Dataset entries
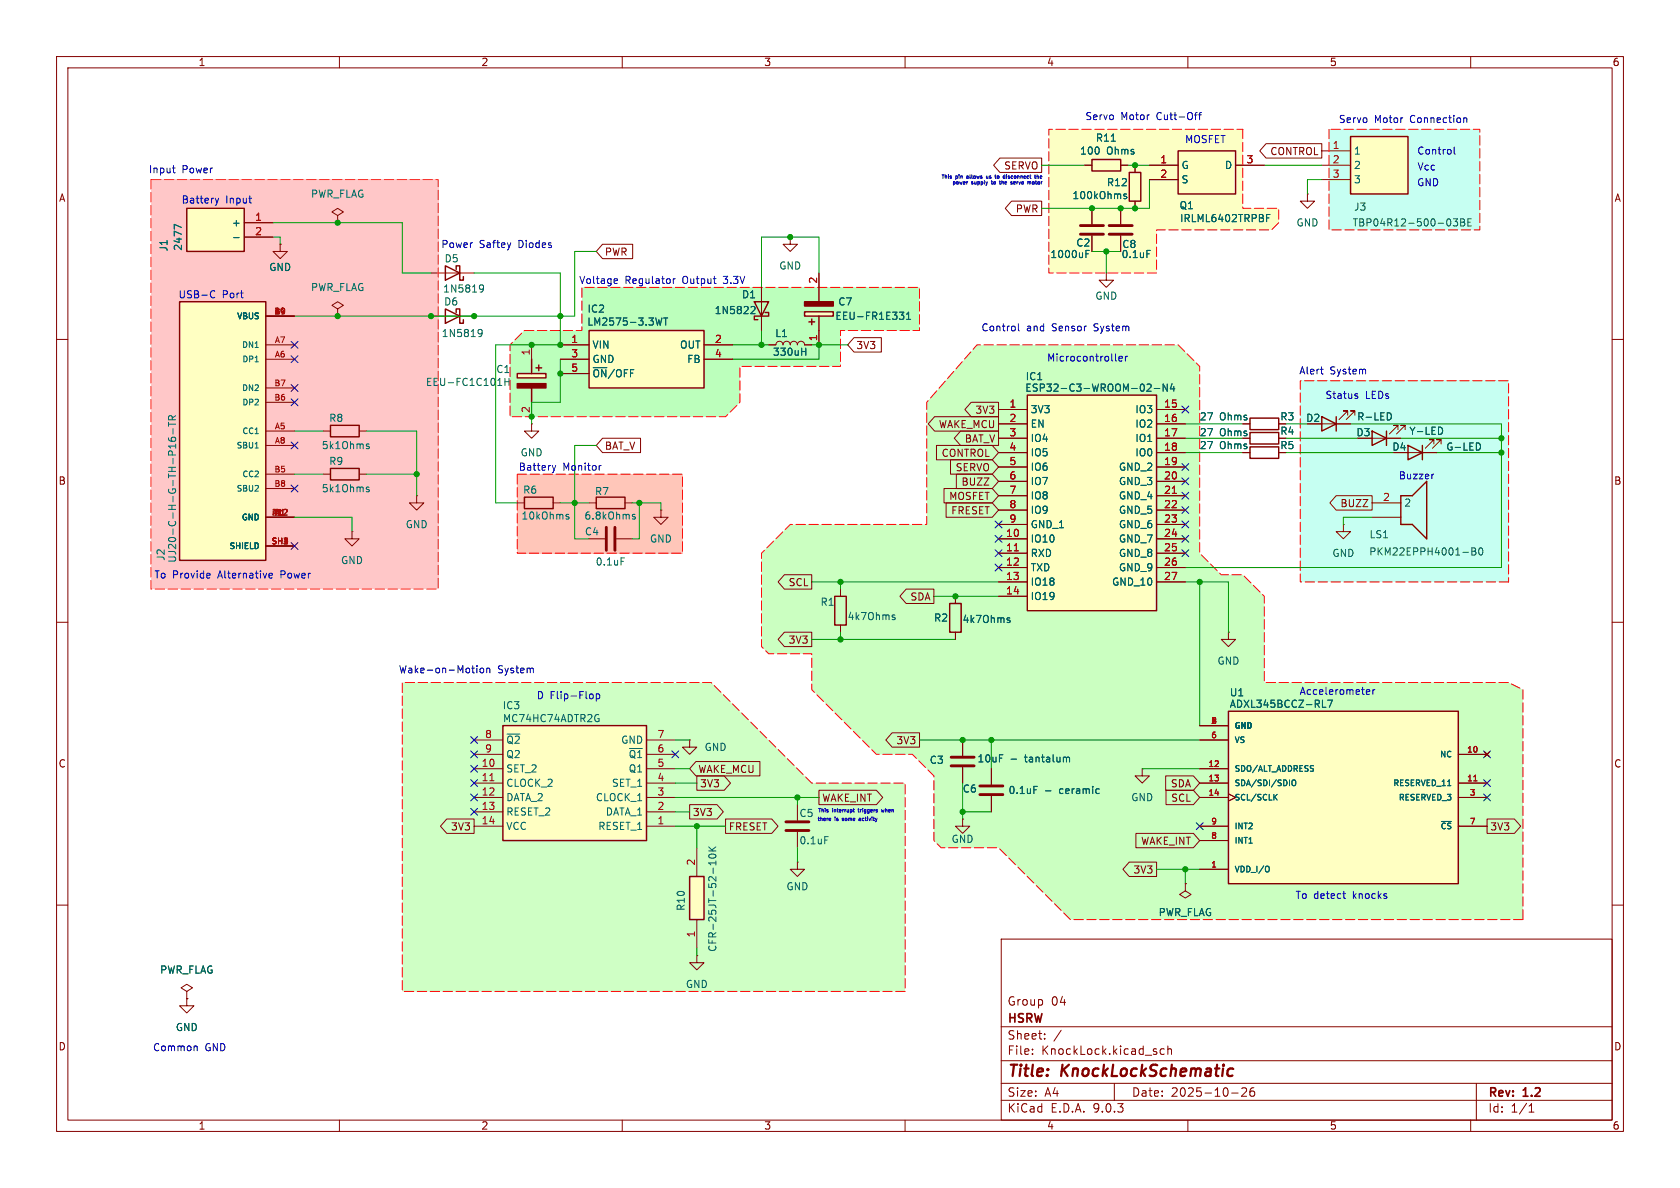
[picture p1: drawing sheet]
<svg xmlns="http://www.w3.org/2000/svg" width="297mm" height="210mm" viewBox="0 0 297 210" stroke-linecap="round" stroke-linejoin="round" font-family="sans-serif">
<g fill="none" stroke="#840000" stroke-width=".18">
<path d="M10 10h277v190h-277zM12 12h273v186h-273zM60 10v2M110 10v2M160 10v2M210 10v2M260 10v2M10 60h2M285 60h2M10 110h2M285 110h2M10 160h2"/>
<path d="M177 166h108v32h-108zM285 160h2M60 198v2M110 198v2M160 198v2M177 194.5h108M177 191.5h108M177 187.5h108M177 181.5h108M182.5 186.3v.1M182.5 185.5v.1M184.7 183.6v.1"/>
<path d="M184.7 182.8v.1M187.6 182.1l-1.3 2M197 191.5v3M205.8 185.5l-.4-.1-.3 .3v.4l.1 .2h.6M206.5 185.5l.2-.1 .3 .1 .1 .9M206.5 184.9v1.5M210 198v2M217.7 193.2h1.2M219.5 192.4l.6-.1 .2 .1 .1 .3-.9 1.1h.9M221.7 192.3a.59 .59 0 0 0-.7 .6v.6l.1 .2 .4 .1 .2-.1 .1-.5-.1-.3h-.5l-.2 .3M260 198v2M261 191.5v6.5"/>
<path d="M270.3 196.6h.9M270.3 195.5l.4-.4v1.5"/>
</g>
<path d="M217.5 188.9l.5 .1M217.9 190.1l-.2 .1" fill="none" stroke="#840000" stroke-width=".4"/>
<path d="M92.7 58.4h10.2v-7.6h59.7v7.6h-14v6.4h-17.8v6.3l-2.5 2.6h-38.1v-12.7z" fill="#bcffbc"/>
<path d="M134.6 97.8l5.1-5.1h24.1v-21.6l8.9-10.1h35.6l3.8 3.8v33l3.8 3.8h3.8l3.8 3.8v15.3h43.2l2.5 1.2v40.7h-80l-12.7-12.7h-10.1l-1.3-1.3v-11.4l-3.8-3.8h-6.4l-11.4-11.5v-6.3h-7.6l-1.3-1.3z" fill="#cbffc1"/>
<path d="M26.7 31.8h50.8v72.3h-50.8z" fill="#ffc7c8"/>
<path d="M185.4 22.9h34.3v13.9h6.4v2.6l-1.3 1.2h-20.3v7.7h-19.1z" fill="#fcffc4"/>
<path d="M229.9 67.3h36.8v35.6h-36.8z" fill="#c6fff2"/>
<path d="M91.4 83.8h29.2v14h-29.2z" fill="#ffc6b9"/>
<path d="M71.1 120.7h54.6l17.8 17.7h16.5v36.9h-88.9z" fill="#cfffc5"/>
<path d="M234.9 22.9h26.7v17.7h-26.7z" fill="#c6fff2"/>
<path d="M58.4 82.8h5.1v2h-5.1z" fill="none" stroke="#840000" stroke-width=".25"/>
<path d="M57.1 83.8h1.3M63.5 83.8h1.3M123.2 168.9v1.3h1.3l-1.3 1.3-1.3-1.3h1.3M123.2 168.9h.1" fill="none" stroke="#840000" stroke-width=".18"/>
<path d="M64.8 86.5l.5 .2-.1 .2h-.3M64.8 86.2h.4" fill="none" stroke="#006464" stroke-width=".18"/>
<path d="M121.9 154.9h2.6v7.7h-2.6z" fill="#ffffc2"/>
<path d="M92.7 87.9h5.1v2h-5.1zM105.4 87.9h5.1v2h-5.1zM121.9 154.9h2.6v7.7h-2.6z" fill="none" stroke="#840000" stroke-width=".25"/>
<path d="M91.4 88.9h1.3M97.8 88.9h1.3M104.1 88.9h1.3M110.5 88.9h1.3M123.2 149.9v5M141 142.2v2.8M141 147.1v2.8M123.2 162.6v5" fill="none" stroke="#840000" stroke-width=".18"/>
<path d="M100.1 91.3l.5 .2-.1 .2-.3 .1M100.1 91h.4M111.8 91.2l.5 .3-.1 .3-.4-.1M112.3 91l-.3-.1-.2 .2M125.3 150.4h1.3M125.3 149.7l.7 .7M125.4 151.2a.75 .75 0 0 1 1.2 .2 .72 .72 0 0 1-1.3-.1zM126.6 152.2v.7M126.6 152.5h-1.3l.4 .4M126.6 149.7l-.8 .5M145.8 147.9h.6" fill="none" stroke="#006464" stroke-width=".18"/>
<path d="M138.9 145.3h4.1M138.9 146.8h4.1" fill="none" stroke="#840000" stroke-width=".51"/>
<path d="M104.1 58.4h20.4v10.2h-20.4z" fill="#ffffc2"/>
<path d="M104.1 58.4h20.4v10.2h-20.4zM133.3 53.3h2.6l-1.3 2.6zM135.3 55.2h.6v.7h-2.6v.6h.7" fill="none" stroke="#840000" stroke-width=".25"/>
<g fill="none" stroke="#840000" stroke-width=".18">
<path d="M134.6 50.8v7.6M99.1 61h5M99.1 63.5h5M99.1 66h5M124.5 61h5M124.5 63.5h5M104.1 95.3h2.8M109 95.3h2.8M116.8 90.2v1.2h1.3l-1.3 1.3-1.2-1.3h1.2M116.8 90.2h.1M217.2 111.8v1.2h1.2l-1.2 1.3-1.3-1.3h1.3M217.2 111.8h.1"/>
<path d="M175.3 135.9v2.8M175.3 140.7v2.8"/>
</g>
<path d="M117 56.2l-.3 1.3-.2-.9M117.3 56.2h.7M117.7 56.2v1.3M132.9 54.2h.5l.1 .3-.8 .9h.8M109.8 98.6h.6M182.8 139h.6M184.8 139.8h1M194 139.4l.3 .1M194.3 140.2l-.3 .1" fill="none" stroke="#006464" stroke-width=".18"/>
<path d="M107.2 93.2v4.1M108.7 93.2v4.1M173.2 138.9h4.1M173.2 140.5h4.1" fill="none" stroke="#840000" stroke-width=".51"/>
<path d="M181.6 69.9h22.9v38.1h-22.9z" fill="#ffffc2"/>
<path d="M181.6 69.9h22.9v38.1h-22.9z" fill="none" stroke="#840000" stroke-width=".25"/>
<g fill="none" stroke="#840000" stroke-width=".18">
<path d="M176.5 72.4h5.1M176.5 74.9h5.1M176.5 77.5h5.1M204.5 72.4h5M204.5 74.9h5M204.5 77.5h5M176.5 80h5.1M176.5 82.6h5.1M176.5 85.1h5.1M176.5 87.6h5.1M176.5 90.2h5.1M176.5 92.7h5.1"/>
<path d="M176.5 95.3h5.1M176.5 97.8h5.1M204.5 80h5M204.5 82.6h5M204.5 85.1h5M204.5 87.6h5M204.5 90.2h5M204.5 92.7h5M204.5 95.3h5M204.5 97.8h5M176.5 100.3h5.1M176.5 102.9h5.1"/>
<path d="M176.5 105.4h5.1M204.5 100.3h5M204.5 102.9h5M170.2 130.8v2.8M170.2 135.6v2.8M141 152.4v1.3h1.2l-1.2 1.2-1.3-1.2h1.3M141 152.4h.1"/>
</g>
<path d="M179.3 97.4h.7M207.3 87.2h.7" fill="none" stroke="#a90000" stroke-width=".18"/>
<path d="M203 67.9l.4 .1 .1 .3-.8 .9h.8M204.1 68.7h.9M206.4 67.9v1.3l-.8-1.3v1.3M207.2 67.8l-.3 .9h.8M207.5 68.3v.9M178.7 134.2h1M188.5 134l.2-.2 .3 .1 .1 .8" fill="none" stroke="#006464" stroke-width=".18"/>
<path d="M168.1 135.4h4.1M168.1 133.9h4.1" fill="none" stroke="#840000" stroke-width=".51"/>
<path d="M33 36.8h10.2v7.7h-10.2z" fill="#ffffc2"/>
<path d="M33 36.8h10.2v7.7h-10.2zM199.6 30.5h2.1v5.1h-2.1zM78.7 47l2.6 1.3-2.6 1.2zM78.7 54.6l2.6 1.3-2.6 1.3zM80.6 47.6v-.6h.7v2.5h.6v-.6M80.6 55.2v-.6h.7v2.6h.6v-.7" fill="none" stroke="#840000" stroke-width=".25"/>
<g fill="none" stroke="#840000" stroke-width=".18">
<path d="M43.2 39.4h5.1M59.7 38.1l1-.6-1-.7-1 .7 1 .6v1.3M59.7 39.4h.1M193 36.8v2.8M200.7 29.2v1.3M200.7 35.6v1.2M43.2 41.9h5.1M49.5 43.2v1.3h1.3l-1.3 1.2-1.2-1.2h1.2M49.5 43.2h.1M59.7 54.6l1-.6-1-.7-1 .7 1 .6v1.3M59.7 55.9h.1M76.2 48.3h7.6"/>
<path d="M76.2 55.9h7.6M193 41.7v2.8M195.6 48.3v1.2h1.2l-1.2 1.3-1.3-1.3h1.3M195.6 48.3h.1"/>
</g>
<path d="M199.2 34.3h-.4l-.1 .2v.1l.5 .2v.3h-.5M32.1 40.2l-1.3-.5v.8M41.3 42h1M84.6 58.3l.4-.1 .2 .2a.84 .84 0 0 1-.3 1.1h-.3M84.9 50.4h.3l.2 .1a.84 .84 0 0 1-.3 1.1h-.2M85.2 58.8l-.2 .2h-.4M85.5 50.9l-.3 .2h-.3M192 44.9h.4" fill="none" stroke="#006464" stroke-width=".18"/>
<path d="M191 39.9h4.1M191 41.4h4.1" fill="none" stroke="#840000" stroke-width=".51"/>
<path d="M208.3 26.7h10.1v7.6h-10.1z" fill="#ffffc2"/>
<path d="M193 28.2h5.1v2h-5.1zM208.3 26.7h10.1v7.6h-10.1zM221 76.5h5.1v2h-5.1z" fill="none" stroke="#840000" stroke-width=".25"/>
<path d="M191.8 29.2h1.2M198.1 29.2h1.3M198.1 36.8v2.8M203.2 29.2h5.1M203.2 31.8h5.1M218.4 29.2h5.1M198.1 41.7v2.8M135.9 61h1.3a.64 .64 0 0 1 .6-.7 .64 .64 0 0 1 .6 .7 .64 .64 0 0 1 .7-.7 .64 .64 0 0 1 .6 .7 .64 .64 0 0 1 .6-.7 .64 .64 0 0 1 .7 .7 .64 .64 0 0 1 .6-.7 .64 .64 0 0 1 .6 .7h1.3M219.7 77.5h1.3M121.9 130.8v1.3h1.3l-1.3 1.3-1.3-1.3h1.3M121.9 130.8h.1" fill="none" stroke="#840000" stroke-width=".18"/>
<path d="M196.5 25h.7M223.9 38.5h.4M223.9 37.9h.6M202.8 44.3h.6M141.7 62.1h.8M142.5 61.5v1.3" fill="none" stroke="#006464" stroke-width=".18"/>
<path d="M196.1 39.9h4.1M196.1 41.4h4.1" fill="none" stroke="#840000" stroke-width=".51"/>
<path d="M31.7 53.3h15.3v45.8h-15.3z" fill="#ffffc2"/>
<path d="M31.7 53.3h15.3v45.8h-15.3zM58.4 75.2h5.1v2h-5.1z" fill="none" stroke="#840000" stroke-width=".25"/>
<g fill="none" stroke="#840000" stroke-width=".18">
<path d="M47 55.9h5.1M47 61h5.1M47 63.5h5.1M47 68.6h5.1M47 71.1h5.1M47 76.2h5.1M47 78.7h5.1M57.1 76.2h1.3M63.5 76.2h1.3M47 83.8h5.1M47 86.4h5.1M47 91.4h5.1"/>
<path d="M47 96.5h5.1M62.2 94v1.3h1.3l-1.3 1.2-1.2-1.2h1.2M62.2 94h.1"/>
</g>
<path d="M29.8 77.4l.1 .4a.86 .86 0 0 0 1.2 0l-.2-.5h-.4l-.2 .2v.3l.2 .2M29.8 74.6v.8M29.8 75h1.3M30.5 74.2l-.1-.6-.2-.1h-.3l-.1 .7h1.3M30.6 75.8v.9M31.1 78.5v.7M31.1 78.9h-1.3l.4 .3M31.1 73.5l-.6 .4M45.1 79.2h.6M64.8 78.8l.5 .3-.1 .2h-.3M64.8 78.5h.4" fill="none" stroke="#006464" stroke-width=".18"/>
<path d="M88.9 128.3h25.4v20.3h-25.4z" fill="#ffffc2"/>
<path d="M221 73.9h5.1v2h-5.1zM242.6 76.2l2.5 1.3-2.5 1.2zM245.1 76.2v2.5M248.9 78.7l2.6 1.3-2.6 1.3zM251.5 78.7v2.6M88.9 128.3h25.4v20.3h-25.4z" fill="none" stroke="#840000" stroke-width=".25"/>
<g fill="none" stroke="#840000" stroke-width=".18">
<path d="M219.7 74.9h1.3M240 77.5h7.6M247.1 75.9v-.7h-.7h.7l-1.5 1.5M248.4 75.9v-.7h-.8h.8l-1.5 1.5M253.5 78.5v-.8h-.8h.8l-1.5 1.5M254.8 78.5v-.8h-.8h.8l-1.6 1.5M73.7 87.6v1.3h1.2l-1.2 1.3-1.3-1.3h1.3M73.7 87.6h.1M246.4 80h7.6M83.8 138.4h5.1M83.8 135.9h5.1M83.8 133.4h5.1"/>
<path d="M83.8 130.8h5.1M114.3 138.4h5.1M114.3 135.9h5.1M114.3 133.4h5.1M114.3 130.8h5.1M83.8 146.1h5.1M83.8 143.5h5.1M83.8 141h5.1M114.3 146.1h5.1M114.3 143.5h5.1M114.3 141h5.1"/>
</g>
<path d="M86.6 138h.7" fill="none" stroke="#a90000" stroke-width=".18"/>
<path d="M254.8 75.6l.2 .5-.2 .6M261.5 78.4l.2 .4-.2 .7M105.5 126.3l.4 .1M105.7 127h.2v.5l-.2 .1" fill="none" stroke="#006464" stroke-width=".18"/>
<path d="M238.8 24.1h10.1v10.2h-10.1z" fill="#ffffc2"/>
<path d="M238.8 24.1h10.1v10.2h-10.1zM233.7 73.7l2.5 1.2-2.5 1.3zM236.2 73.7v2.5" fill="none" stroke="#840000" stroke-width=".25"/>
<path d="M231.1 34.3v1.3h1.3l-1.3 1.2-1.2-1.2h1.2M231.1 34.3h.1M233.7 26.7h5.1M233.7 29.2h5.1M233.7 31.8h5.1M231.1 74.9h7.7M238.3 73.4v-.8h-.8h.8l-1.6 1.6M239.5 73.4v-.8h-.7h.7l-1.5 1.6M201.9 135.9v1.3h1.3l-1.3 1.2-1.2-1.2h1.2M201.9 135.9h.1M209.5 156.2v1.3l1.1 .6-1.1 .7-1-.7 1-.6M209.5 156.2h.1" fill="none" stroke="#840000" stroke-width=".18"/>
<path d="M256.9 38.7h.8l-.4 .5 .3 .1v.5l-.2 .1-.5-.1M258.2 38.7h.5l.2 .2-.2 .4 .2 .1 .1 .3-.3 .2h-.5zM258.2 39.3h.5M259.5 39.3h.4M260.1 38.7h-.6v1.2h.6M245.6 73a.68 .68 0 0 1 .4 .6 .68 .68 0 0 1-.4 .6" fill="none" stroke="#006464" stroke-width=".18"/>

## [Your instructions]
Repeat, word for word and with no pictures, only the lines running from the beginning of the data to the line that contains "166h108v32h-108zM285 160h2M60 198v2M110".

## [Solved problem]
[picture p1: drawing sheet]
<svg xmlns="http://www.w3.org/2000/svg" width="297mm" height="210mm" viewBox="0 0 297 210" stroke-linecap="round" stroke-linejoin="round" font-family="sans-serif">
<g fill="none" stroke="#840000" stroke-width=".18">
<path d="M10 10h277v190h-277zM12 12h273v186h-273zM60 10v2M110 10v2M160 10v2M210 10v2M260 10v2M10 60h2M285 60h2M10 110h2M285 110h2M10 160h2"/>
<path d="M177 166h108v32h-108zM285 160h2M60 198v2M110 198v2M160 198v2M177 194.5h108M177 191.5h108M177 187.5h108M177 181.5h108M182.5 186.3v.1M182.5 185.5v.1M184.7 183.6v.1"/>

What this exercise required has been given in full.